I have the new P6N Diamond mainboard from MSI, nVidia nForce 680i SLI chipset.
I have installed 3 cards. If I do independent parallel computations (no communication over CPU) with only two cards (every combination is fine), I get on every card 50 work units per second done which is fine. If I do computations on three cards I get in sum only 105 work units done! the performance of two cards drops down to say 25 and 30 work units. The third card gives full perforamance . This behavior is not static meaning that the perormance drop down is ‘switching’ from card to card. If I kill the third computation on either card, everything is fine again (50+50). Does anybody have this mainboard with three cards ? Does anybody have installed three cards on a board and has experiencded similar things ?
I took a look at your board on newegg and noticed this:
Expansion Slots
PCI Express x16 4 (The 4 PCI Express interface will operate at either x8+x8+x16+x8 or x16+x16+x8 mode)
Which slots do you have the affected cards in? Is their a BIOS options to modify the PCI-E lane option? Could be that it defaulted to the first option presented and your first two cards are only running in x8 mode. Whether that will have a noticeable impact in CUDA probably depends greatly on your program, but the 8800GTX and Ultra are practically the only cards that show a noticeable performance change going from x8 to x16 PCI-E bandwidth in 3d games. I wouldn’t be completely shocked to see a potential performance drop in some CUDA apps if this is in fact the case. :)

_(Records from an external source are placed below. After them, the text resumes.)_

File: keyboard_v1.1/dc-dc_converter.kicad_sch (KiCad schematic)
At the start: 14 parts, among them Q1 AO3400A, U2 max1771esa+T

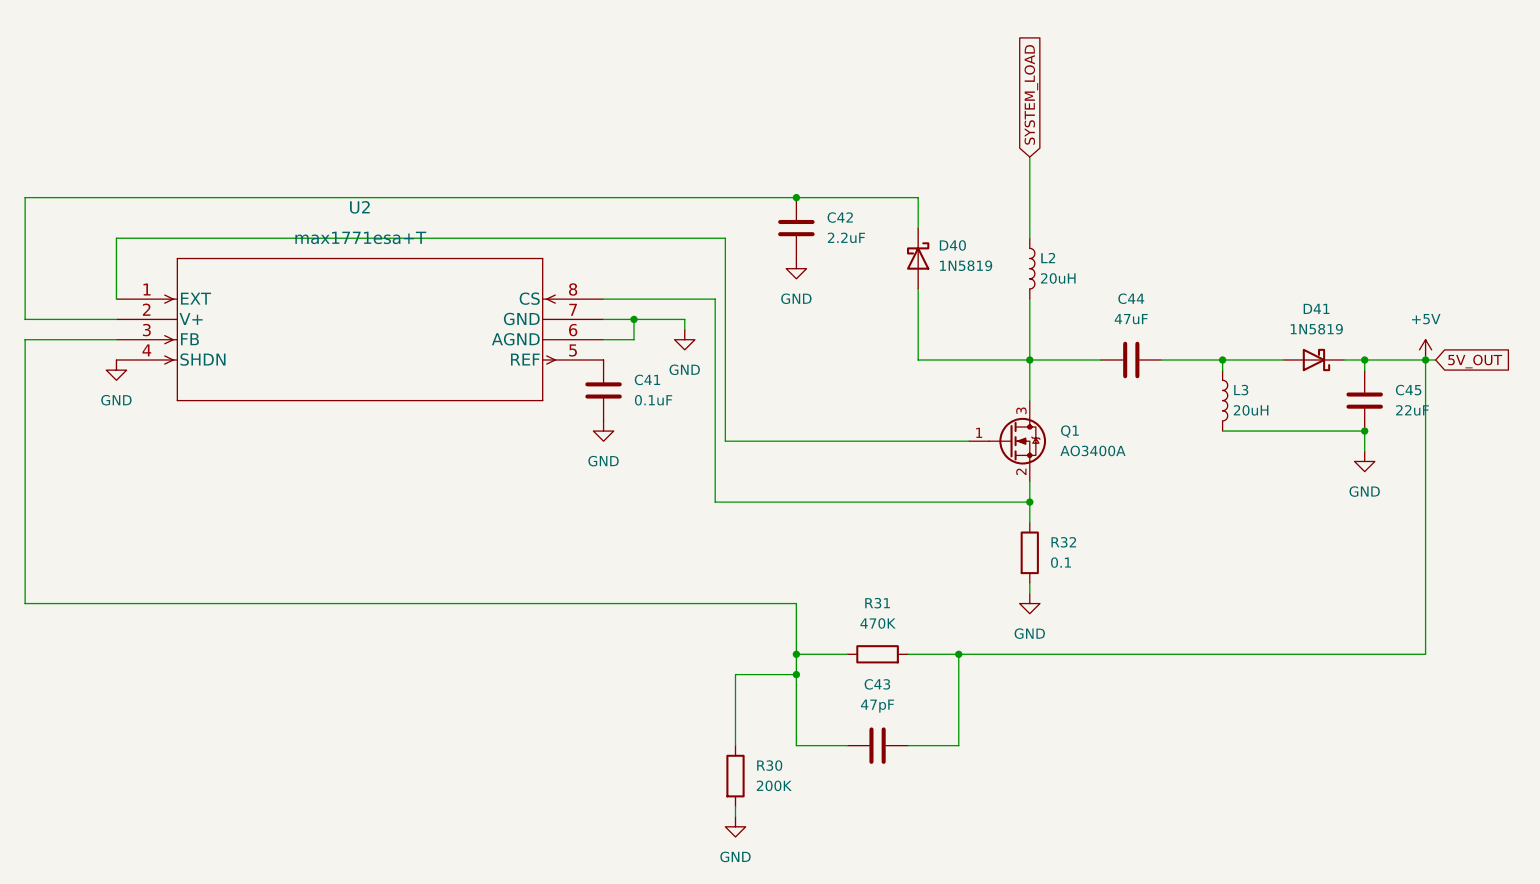
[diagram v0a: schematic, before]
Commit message: New design - schematics added (2022.07.20.)
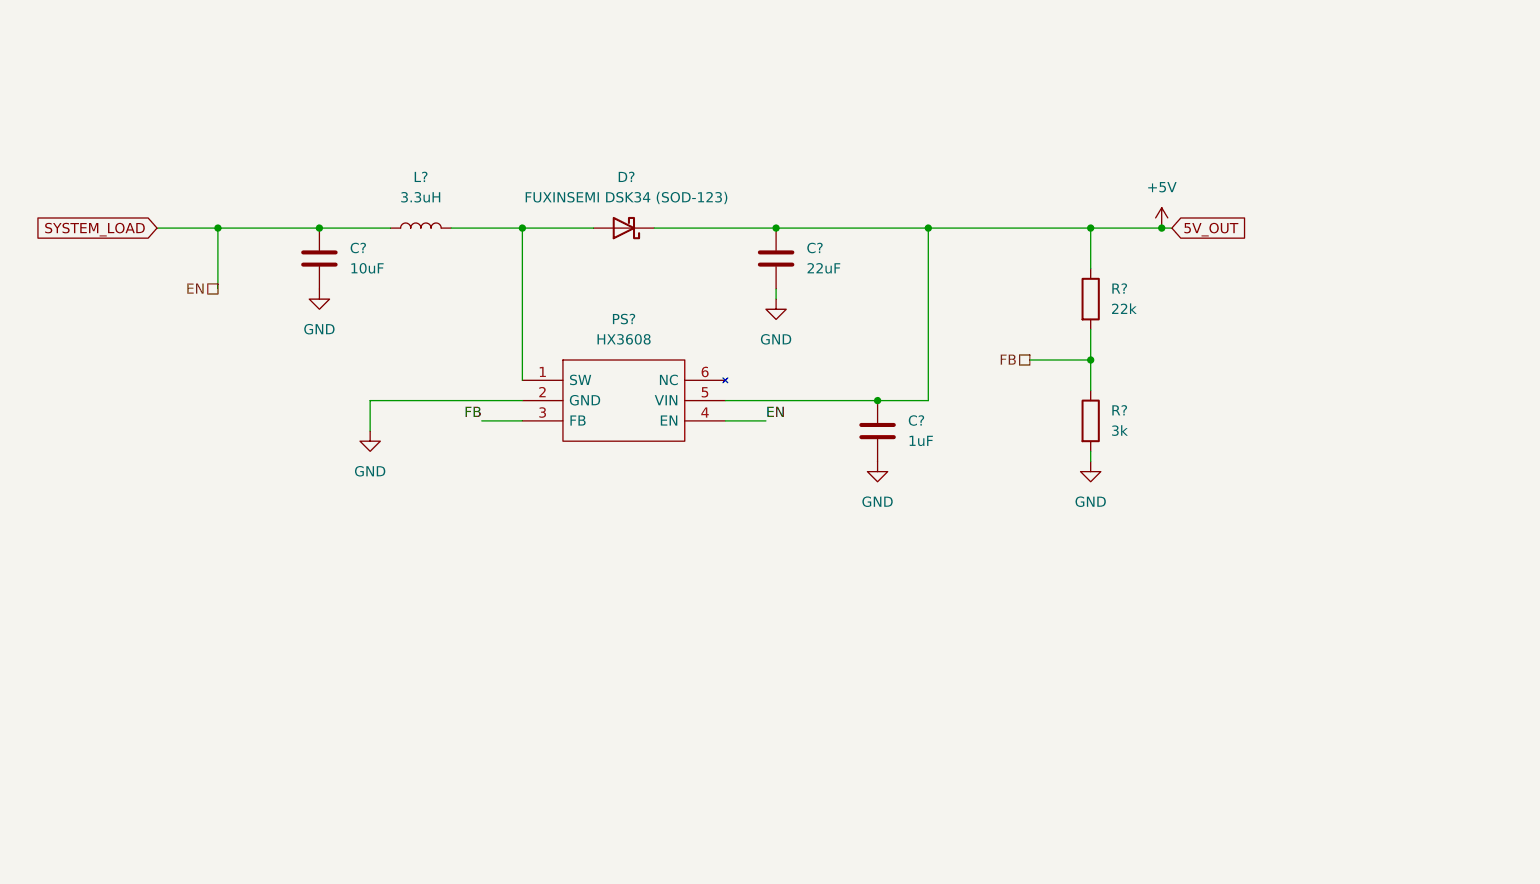
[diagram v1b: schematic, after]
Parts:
- removed C41: 0.1uF, Capacitor_SMD:C_0805_2012Metric_Pad1.18x1.45mm_HandSolder, symbol Device:C
- removed C42: 2.2uF, Capacitor_SMD:C_0805_2012Metric_Pad1.18x1.45mm_HandSolder, symbol Device:C
- removed C43: 47pF, Capacitor_SMD:C_0805_2012Metric_Pad1.18x1.45mm_HandSolder, symbol Device:C
- removed C44: 47uF, Capacitor_THT:CP_Radial_D4.0mm_P1.50mm, symbol Device:C
- removed C45: 22uF, Capacitor_SMD:C_0805_2012Metric_Pad1.18x1.45mm_HandSolder, symbol Device:C
- removed D40, D41: 1N5819, Diode_THT:D_DO-41_SOD81_P10.16mm_Horizontal, symbol Diode:1N5819
- removed L2, L3: 20uH, inductors:inductors, symbol Device:L
- removed Q1: AO3400A, Package_TO_SOT_SMD:SOT-23, symbol Transistor_FET:AO3400A
- removed R30: 200K, Resistor_SMD:R_0805_2012Metric_Pad1.20x1.40mm_HandSolder, symbol Device:R
- removed R31: 470K, Resistor_SMD:R_0805_2012Metric_Pad1.20x1.40mm_HandSolder, symbol Device:R
- removed R32: 0.1, Resistor_SMD:R_0805_2012Metric_Pad1.20x1.40mm_HandSolder, symbol Device:R
- removed U2: max1771esa+T, max1771:max1771esa&plus_T, symbol max1771:max1771esa+T
- added C?: 1uF, Capacitor_SMD:C_0805_2012Metric_Pad1.18x1.45mm_HandSolder, symbol Device:C
- added C?: 10uF, Capacitor_SMD:C_0805_2012Metric_Pad1.18x1.45mm_HandSolder, symbol Device:C
- added C?: 22uF, Capacitor_SMD:C_0805_2012Metric_Pad1.18x1.45mm_HandSolder, symbol Device:C
- added D?: FUXINSEMI DSK34 (SOD-123), Diode_SMD:D_SOD-123, symbol Diode:BAT42W-V
- added L?: 3.3uH, inductors:inductors, symbol Device:L
- added PS?: HX3608, SOT95P280X125-6N, symbol SamacSys_Parts:HX3608
- added R?: 3k, Resistor_SMD:R_0805_2012Metric_Pad1.20x1.40mm_HandSolder, symbol Device:R
- added R?: 22k, Resistor_SMD:R_0805_2012Metric_Pad1.20x1.40mm_HandSolder, symbol Device:R
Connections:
- net +5V: now also C?.1, C?.1, D?.1 (K), PS?.5 (VIN), R?.1
- net GND: now also C?.2, C?.2, C?.2, PS?.2 (GND), R?.2
- net SYSTEM_LOAD: now also C?.1, L?.1, PS?.4 (EN)
- new net: D?.2 (A), L?.2, PS?.1 (SW)
- new net FB: PS?.3 (FB), R?.1, R?.2

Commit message: PCB layout done - 2022.07.25.
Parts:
- L1: renamed from L?; footprint inductors:inductors -> inductors:inductor_koherelec
- PS1: renamed from PS?; footprint SOT95P280X125-6N -> SamacSys_Parts:SOT95P280X125-6N
- gave numbers to parts that had none: 6
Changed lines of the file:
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@@
+    (effects (font (size 1.27 1.27)) (justify left bottom))
+  )
+  (label "FB" (at 171.45 54.61 180)
+    (effects (font (size 1.27 1.27)) (justify right bottom))
+  )
+  (label "EN" (at 69.85 45.72 0)
     (effects (font (size 1.27 1.27)) (justify left bottom))
   )
@@
     )
   )
-  (hierarchical_label "EN" (shape passive) (at 69.85 45.72 180)
-    (effects (font (size 1.27 1.27)) (justify right))
-  )
-  (hierarchical_label "FB" (shape passive) (at 171.45 54.61 180)
-    (effects (font (size 1.27 1.27)) (justify right))
-  )
   (symbol (lib_id "SamacSys_Parts:HX3608") (at 107.95 57.15 0) (unit 1)
     (in_bom yes) (on_board yes) (fields_autoplaced)
-    (property "Reference" "PS?" (id 0) (at 120.65 49.53 0))
+    (property "Reference" "PS1" (id 0) (at 120.65 49.53 0))
     (property "Value" "HX3608" (id 1) (at 120.65 52.07 0))
-    (property "Footprint" "SOT95P280X125-6N" (id 2) (at 129.54 54.61 0)
+    (property "Footprint" "SamacSys_Parts:SOT95P280X125-6N" (id 2) (at 129.54 54.61 0)
       (effects (font (size 1.27 1.27)) (justify left) hide)
     )
@@
   (symbol (lib_id "power:GND") (at 88.9 63.5 0) (unit 1)
     (in_bom yes) (on_board yes) (fields_autoplaced)
-    (property "Reference" "#PWR?" (id 0) (at 88.9 69.85 0)
+    (property "Reference" "#PWR0142" (id 0) (at 88.9 69.85 0)
       (effects (font (size 1.27 1.27)) hide)
     )
@@
   (symbol (lib_id "Device:L") (at 95.25 38.1 90) (unit 1)
     (in_bom yes) (on_board yes) (fields_autoplaced)
-    (property "Reference" "L?" (id 0) (at 95.25 31.75 90))
+    (property "Reference" "L1" (id 0) (at 95.25 31.75 90))
     (property "Value" "3.3uH" (id 1) (at 95.25 34.29 90))
-    (property "Footprint" "inductors:inductors" (id 2) (at 95.25 38.1 0)
+    (property "Footprint" "inductors:inductor_koherelec" (id 2) (at 95.25 38.1 0)
       (effects (font (size 1.27 1.27)) hide)
     )
@@
   (symbol (lib_id "power:GND") (at 139.7 46.99 0) (unit 1)
     (in_bom yes) (on_board yes) (fields_autoplaced)
-    (property "Reference" "#PWR?" (id 0) (at 139.7 53.34 0)
+    (property "Reference" "#PWR0138" (id 0) (at 139.7 53.34 0)
       (effects (font (size 1.27 1.27)) hide)
     )
@@
   (symbol (lib_id "power:GND") (at 152.4 67.31 0) (unit 1)
     (in_bom yes) (on_board yes) (fields_autoplaced)
-    (property "Reference" "#PWR?" (id 0) (at 152.4 73.66 0)
+    (property "Reference" "#PWR0141" (id 0) (at 152.4 73.66 0)
       (effects (font (size 1.27 1.27)) hide)
     )
@@
   (symbol (lib_id "power:GND") (at 179.07 67.31 0) (unit 1)
     (in_bom yes) (on_board yes) (fields_autoplaced)
-    (property "Reference" "#PWR?" (id 0) (at 179.07 73.66 0)
+    (property "Reference" "#PWR0140" (id 0) (at 179.07 73.66 0)
       (effects (font (size 1.27 1.27)) hide)
     )
@@
   (symbol (lib_id "Device:C") (at 152.4 63.5 0) (unit 1)
     (in_bom yes) (on_board yes) (fields_autoplaced)
-    (property "Reference" "C?" (id 0) (at 156.21 62.2299 0)
+    (property "Reference" "C16" (id 0) (at 156.21 62.2299 0)
       (effects (font (size 1.27 1.27)) (justify left))
     )
@@
   (symbol (lib_id "Device:R") (at 179.07 62.23 0) (unit 1)
     (in_bom yes) (on_board yes) (fields_autoplaced)
-    (property "Reference" "R?" (id 0) (at 181.61 60.9599 0)
+    (property "Reference" "R16" (id 0) (at 181.61 60.9599 0)
       (effects (font (size 1.27 1.27)) (justify left))
     )
@@
   (symbol (lib_id "Diode:BAT42W-V") (at 120.65 38.1 180) (unit 1)
     (in_bom yes) (on_board yes) (fields_autoplaced)
-    (property "Reference" "D?" (id 0) (at 120.9675 31.75 0))
+    (property "Reference" "D13" (id 0) (at 120.9675 31.75 0))
     (property "Value" "FUXINSEMI DSK34 (SOD-123)" (id 1) (at 120.9675 34.29 0))
     (property "Footprint" "Diode_SMD:D_SOD-123" (id 2) (at 120.65 33.655 0)
@@
   (symbol (lib_id "Device:C") (at 82.55 41.91 0) (unit 1)
     (in_bom yes) (on_board yes) (fields_autoplaced)
-    (property "Reference" "C?" (id 0) (at 86.36 40.6399 0)
+    (property "Reference" "C13" (id 0) (at 86.36 40.6399 0)
       (effects (font (size 1.27 1.27)) (justify left))
     )
@@
   (symbol (lib_id "power:GND") (at 82.55 45.72 0) (unit 1)
     (in_bom yes) (on_board yes) (fields_autoplaced)
-    (property "Reference" "#PWR?" (id 0) (at 82.55 52.07 0)
+    (property "Reference" "#PWR0143" (id 0) (at 82.55 52.07 0)
       (effects (font (size 1.27 1.27)) hide)
     )
@@
   (symbol (lib_id "power:+5V") (at 187.96 38.1 0) (unit 1)
     (in_bom yes) (on_board yes) (fields_autoplaced)
-    (property "Reference" "#PWR?" (id 0) (at 187.96 41.91 0)
+    (property "Reference" "#PWR0139" (id 0) (at 187.96 41.91 0)
       (effects (font (size 1.27 1.27)) hide)
     )
@@
   (symbol (lib_id "Device:R") (at 179.07 46.99 0) (unit 1)
     (in_bom yes) (on_board yes) (fields_autoplaced)
-    (property "Reference" "R?" (id 0) (at 181.61 45.7199 0)
+    (property "Reference" "R15" (id 0) (at 181.61 45.7199 0)
       (effects (font (size 1.27 1.27)) (justify left))
     )
@@
   (symbol (lib_id "Device:C") (at 139.7 41.91 0) (unit 1)
     (in_bom yes) (on_board yes) (fields_autoplaced)
-    (property "Reference" "C?" (id 0) (at 143.51 40.6399 0)
-      (effects (font (size 1.27 1.27)) (justify left))
-    )
+    (property "Reference" "C15" (id 0) (at 143.51 40.6399 0)
+      (effects (font (size 1.27 1.27)) (justify left))
+    )

That could be, I have to contact nVIDIA+MSI … But I do only computations on the graphics card and I have only some ascii text printed out, so almost no data transfer Over pci-E. Nevertheless there could be an automatic lowering of the computing performance when going down to X8 bandwidth ?
Because CPU threads busy wait in a spin loop (with a thread yield in it) when synchronizing GPU and CPU. If you have one core busy waiting on 2 GPU’s, there will be significant delays introduced.